I was terribly unhappy. I cried, because I had killed everyone. My head tried to break out of the inn, because it was afraid of suffocating. It was able to push the walls back slightly, but no air came in. There was no chink or crack, the walls gave like rubber. I went wild. With that, my head suddenly shrank back to its original dimensions, and the crushed persons and objects, the pulp, you remember, fell to the floor in large hard slabs … Then, these slabs were once more persons and things. They were sitting in their places, eating and drinking, and placing orders and paying, you know, and the landlady’s daughters were jumping over the benches as if nothing were amiss. I woke up exhausted and saw that I had misplaced my woolen blanket. I stood up and lay down again and wrapped myself up as warmly as I could. Then, between waking and sleeping, I made my next highly interesting, albeit traumatic discovery: the landlady was standing in my room, and was shooing away a swarm of birds from a tree that stood in the middle of my room. She clapped her hands, and the birds took to the air, and everything went dark … Then I got up, and tried a cold footbath. The footbath afforded me some relief. At any rate, I didn’t dream anymore. Maybe because I was sitting on my bed and browsing in my Pascal. Maybe.”

V
IEWS ON
H
EIGHT
, D
EPTH, AND
C
IRCUMSTANCE

“I must point out to you,” said the painter, “that just one step further on the thinking is completely different, that just one step further on existence is completely different; the virtues
and the issues are the same, there are the same inattentivenesses, and the same impressions, and the same causes, but the effects are terrifyingly different … It’s difficult to make myself clear to you, I could as easily be speaking to a tree, and I am in fact speaking to a silhouette, yes, a silhouette, to a concept flexible to the point of madness, but you are a person whose being is always acute. I should like to point out to you that, if you adduce the idea of a ‘bloodless landscape,’ merely adduce it, and blow it up like a balloon, like an enormous balloon, with incomparable lung power, with the lung power of an extraordinary universe, that it is then possible to move about outside the shadow side of our imagination … I confront myself with the keenest frost, which to the thought is true and acute, and pitifully ridiculous … I have been speaking in my cruel and hopelessly elaborate way, but listen now: I am undergoing a ‘chilling of my memory’ which I should like to call unjustified, or rather: I am distracting myself from within, purely so that I leave myself alone!
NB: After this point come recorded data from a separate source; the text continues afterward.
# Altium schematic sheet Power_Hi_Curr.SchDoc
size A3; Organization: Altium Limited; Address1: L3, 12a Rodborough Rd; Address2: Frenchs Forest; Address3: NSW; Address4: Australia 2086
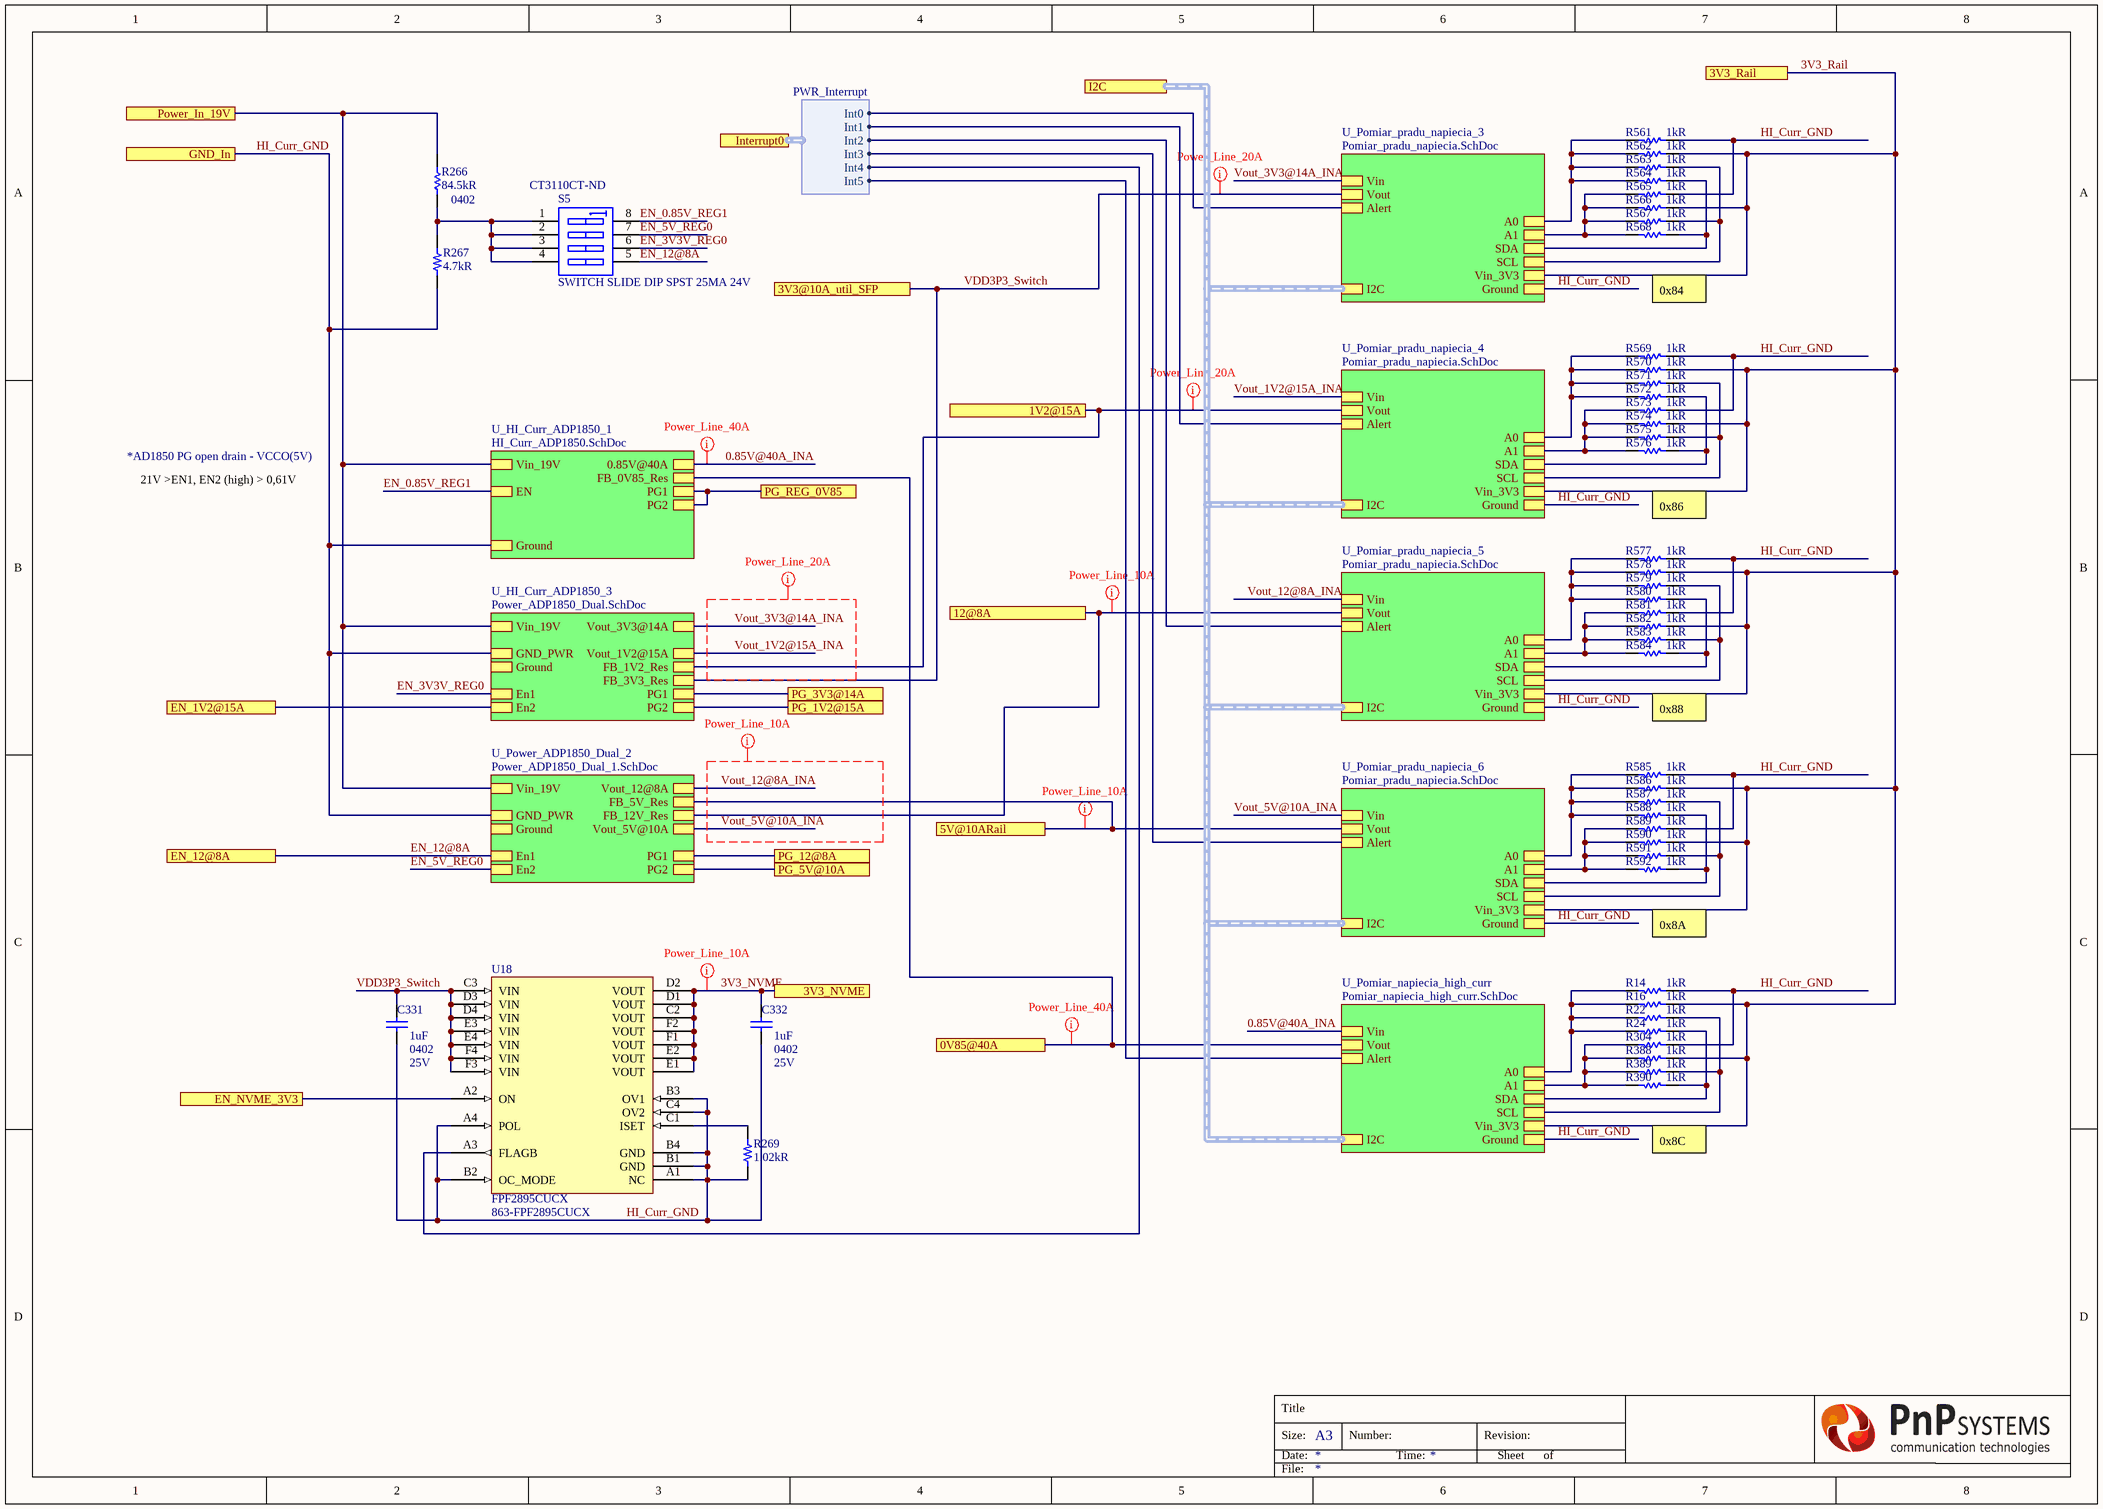
[diagram p0: Power_Hi_Curr.SchDoc]

## Parts
C331  1uF  Case/Package: 0402  Voltage Rating: 25V  [CAP 0402/1005 KK]
C332  1uF  Case/Package: 0402  Voltage Rating: 25V  [CAP 0402/1005 KK]
R14  1kR  [RES 0402/1005 RF KK]
R16  1kR  [RES 0402/1005 RF KK]
R22  1kR  [RES 0402/1005 RF KK]
R24  1kR  [RES 0402/1005 RF KK]
R266  84.5kR  Case/Package: 0402  [RES 0402/1005 RF KK]
R267  4.7kR  [RES 0402/1005 RF KK]
R269  1.02kR  [RES 0402/1005 RF KK]
R304  1kR  [RES 0402/1005 RF KK]
R388  1kR  [RES 0402/1005 RF KK]
R389  1kR  [RES 0402/1005 RF KK]
R390  1kR  [RES 0402/1005 RF KK]
R561  1kR  [RES 0402/1005 RF KK]
R562  1kR  [RES 0402/1005 RF KK]
R563  1kR  [RES 0402/1005 RF KK]
R564  1kR  [RES 0402/1005 RF KK]
R565  1kR  [RES 0402/1005 RF KK]
R566  1kR  [RES 0402/1005 RF KK]
R567  1kR  [RES 0402/1005 RF KK]
R568  1kR  [RES 0402/1005 RF KK]
R569  1kR  [RES 0402/1005 RF KK]
R570  1kR  [RES 0402/1005 RF KK]
R571  1kR  [RES 0402/1005 RF KK]
R572  1kR  [RES 0402/1005 RF KK]
R573  1kR  [RES 0402/1005 RF KK]
R574  1kR  [RES 0402/1005 RF KK]
R575  1kR  [RES 0402/1005 RF KK]
R576  1kR  [RES 0402/1005 RF KK]
R577  1kR  [RES 0402/1005 RF KK]
R578  1kR  [RES 0402/1005 RF KK]
R579  1kR  [RES 0402/1005 RF KK]
R580  1kR  [RES 0402/1005 RF KK]
R581  1kR  [RES 0402/1005 RF KK]
R582  1kR  [RES 0402/1005 RF KK]
R583  1kR  [RES 0402/1005 RF KK]
R584  1kR  [RES 0402/1005 RF KK]
R585  1kR  [RES 0402/1005 RF KK]
R586  1kR  [RES 0402/1005 RF KK]
R587  1kR  [RES 0402/1005 RF KK]
R588  1kR  [RES 0402/1005 RF KK]
R589  1kR  [RES 0402/1005 RF KK]
R590  1kR  [RES 0402/1005 RF KK]
R591  1kR  [RES 0402/1005 RF KK]
R592  1kR  [RES 0402/1005 RF KK]
S5  SWITCH SLIDE DIP SPST 25MA 24V  Supplier Part Number 1: CT3110CT-ND  [SO8_N]
U18  FPF2895CUCX  Supplier Part Number 1: 863-FPF2895CUCX  [FPF2895C-D]

## Sub-sheets
U_HI_Curr_ADP1850_1 = HI_Curr_ADP1850.SchDoc: Ground, Vin_19V, PG2, PG1, 0.85V@40A, EN, FB_0V85_Res
U_HI_Curr_ADP1850_3 = Power_ADP1850_Dual.SchDoc: Ground, Vin_19V, GND_PWR, En2, En1, Vout_1V2@15A, PG2, PG1, Vout_3V3@14A, FB_1V2_Res, FB_3V3_Res
U_Pomiar_napiecia_high_curr = Pomiar_napiecia_high_curr.SchDoc: Vin_3V3, Vin, Vout, Alert, A0, A1, SDA, SCL, Ground, I2C (harness I2C)
U_Pomiar_pradu_napiecia_3 = Pomiar_pradu_napiecia.SchDoc: Vin_3V3, Vin, Vout, Alert, A0, A1, SDA, SCL, Ground, I2C (harness I2C)
U_Pomiar_pradu_napiecia_4 = Pomiar_pradu_napiecia.SchDoc: Vin_3V3, Vin, Vout, Alert, A0, A1, SDA, SCL, Ground, I2C (harness I2C)
U_Pomiar_pradu_napiecia_5 = Pomiar_pradu_napiecia.SchDoc: Vin_3V3, Vin, Vout, Alert, A0, A1, SDA, SCL, Ground, I2C (harness I2C)
U_Pomiar_pradu_napiecia_6 = Pomiar_pradu_napiecia.SchDoc: Vin_3V3, Vin, Vout, Alert, A0, A1, SDA, SCL, Ground, I2C (harness I2C)
U_Power_ADP1850_Dual_2 = Power_ADP1850_Dual_1.SchDoc: Vin_19V, Ground, GND_PWR, En1, En2, PG1, PG2, Vout_12@8A, Vout_5V@10A, FB_5V_Res, FB_12V_Res

## Ports
0V85@40A, 1V2@15A, 3V3@10A_util_SFP, 3V3_NVME, 3V3_Rail, 5V@10ARail, 12@8A, EN_1V2@15A, EN_12@8A, EN_NVME_3V3, GND_In, I2C (harness I2C), Interrupt0 (harness PWR_Interrupt), PG_1V2@15A, PG_3V3@14A, PG_5V@10A, PG_12@8A, PG_REG_0V85, Power_In_19V

## Harnesses
PWR_Interrupt: Int0, Int1, Int2, Int3, Int4, Int5

## Nets
0.85V@40A_INA: sheet U_HI_Curr_ADP1850_1/0.85V@40A, sheet U_Pomiar_napiecia_high_curr/Vin
0V85@40A: port 0V85@40A, sheet U_HI_Curr_ADP1850_1/FB_0V85_Res, sheet U_Pomiar_napiecia_high_curr/Vout
1V2@15A: port 1V2@15A, sheet U_HI_Curr_ADP1850_3/FB_1V2_Res, sheet U_Pomiar_pradu_napiecia_4/Vout
3V3_NVME: C332.1 U18.C2(VOUT) U18.D1(VOUT) U18.D2(VOUT) U18.E1(VOUT) U18.E2(VOUT) U18.F1(VOUT) U18.F2(VOUT) ; port 3V3_NVME
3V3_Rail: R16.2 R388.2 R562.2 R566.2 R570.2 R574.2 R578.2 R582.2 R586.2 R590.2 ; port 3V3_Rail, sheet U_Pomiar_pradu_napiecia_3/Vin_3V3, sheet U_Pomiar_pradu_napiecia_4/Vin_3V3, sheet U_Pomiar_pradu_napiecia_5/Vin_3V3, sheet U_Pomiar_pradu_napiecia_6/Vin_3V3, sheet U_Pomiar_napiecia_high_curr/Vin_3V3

Or rather: my brain is distracting from the relatedness of the world, distracting from myself, from the malice of inventions that have enabled me to exterminate myself … In the darkest places, only incomprehensibility carries any conviction, you understand, I should like to put you in the way of a fascinating metaphor, as you might cast adrift a dog on an endless ocean, as you set a bird deep underground, as you pitch a man in his memory; it’s not the height, it’s not the depth, height and depth are both laughable compared to the circumstance that the catastrophic is laughable compared to the benign … but for the sake of these notions of mine it is imperative that I must soon disappear, I must soon burn: I have always been attracted to the notion of burning, having to burn for my own sake has always been my secret version of personal
fame … If I fail to die, I thought, if I fail to be confused … if I fail with my ideas … You understand! … I get ready for my journey, and deceive the world … I pack my bags and deceive the world … I board a thousand trains and deceive the world … I distract it from the point where I’ll be arriving … Because the end is nothing more than the nausea that a decomposed human causes … Well, and even though the end is also a shipwreck, I will have to undergo that final stifling act of coition, that torment, that turns the calamity of my relinquished existence into a devilishly certain conspiracy. I’m not even thinking of dying,” said the painter, “I’m not even thinking of fame … I’m not even thinking of indecency, of the indecency of dissolution.”